The ruling Popular Movement for the Liberation of Angola (MPLA), which he heads, took advantage of the proximity of the two events to run a major propaganda campaign to celebrate his birthday and promised him a big victory as a present.
Dos Santos began his long political career as an organiser, integrating clandestine groups that formed in the capital’s suburban neighbourhoods, after the establishment of the MPLA on December 10, 1956, to oppose the Portuguese colonial power.

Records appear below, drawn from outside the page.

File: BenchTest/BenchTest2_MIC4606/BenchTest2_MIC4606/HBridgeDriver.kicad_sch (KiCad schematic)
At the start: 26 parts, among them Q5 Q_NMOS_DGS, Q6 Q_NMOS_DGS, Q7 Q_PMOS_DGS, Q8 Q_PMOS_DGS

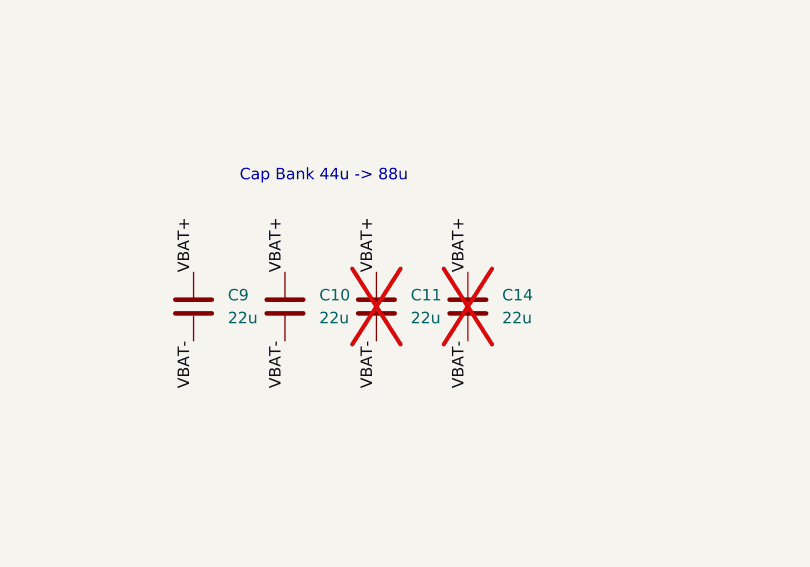
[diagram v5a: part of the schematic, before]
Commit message: Footprint / Capacitor Assignment
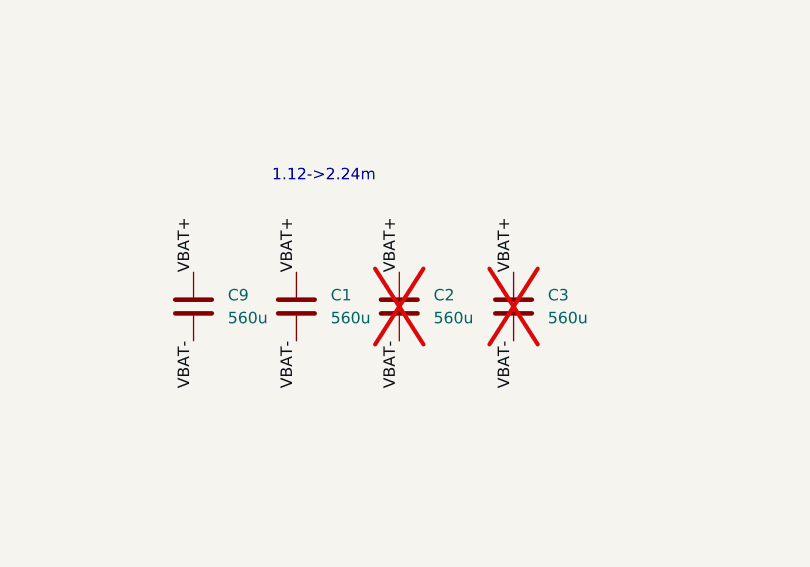
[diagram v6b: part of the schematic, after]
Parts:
- removed C10, C11, C14: 22u, symbol Device:C
- added C1, C2, C3: 560u, Capacitor_THT:C_Radial_D18.0mm_H35.5mm_P7.50mm, symbol Device:C
- C9: value 22u -> 560u; footprint (none) -> Capacitor_THT:C_Radial_D18.0mm_H35.5mm_P7.50mm; P/N 226AVG100MFBJ -> EPAG201ELL561MM45S
- D10, D11, D7, D8, D9: footprint (none) -> Diode_SMD:D_0603_1608Metric_Pad1.05x0.95mm_HandSolder
- R17: footprint (none) -> Resistor_SMD:R_0402_1005Metric_Pad0.72x0.64mm_HandSolder
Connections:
- net VBAT+: now also C1.1, C2.1, C3.1
- net VBAT-: now also C1.2, C2.2, C3.2
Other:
- note added: "1.12->2.24m"
- note removed: "Cap Bank 44u -> 88u"

He eventually took over the MPLA’s leadership to become Angola’s president in 1979 at the age of 37.
This was four years after independence, when the country’s first president, Antonio Agostinho Neto, died after surgery in the former Soviet Union.
Dos Santos, who had graduated in oil engineering in the former Soviet republic of Kazakhstan, survived challenging times over the next decades. This included wars against Angola conducted by Mobutu Sese Seko, president of what was then Zaire, and apartheid South Africa.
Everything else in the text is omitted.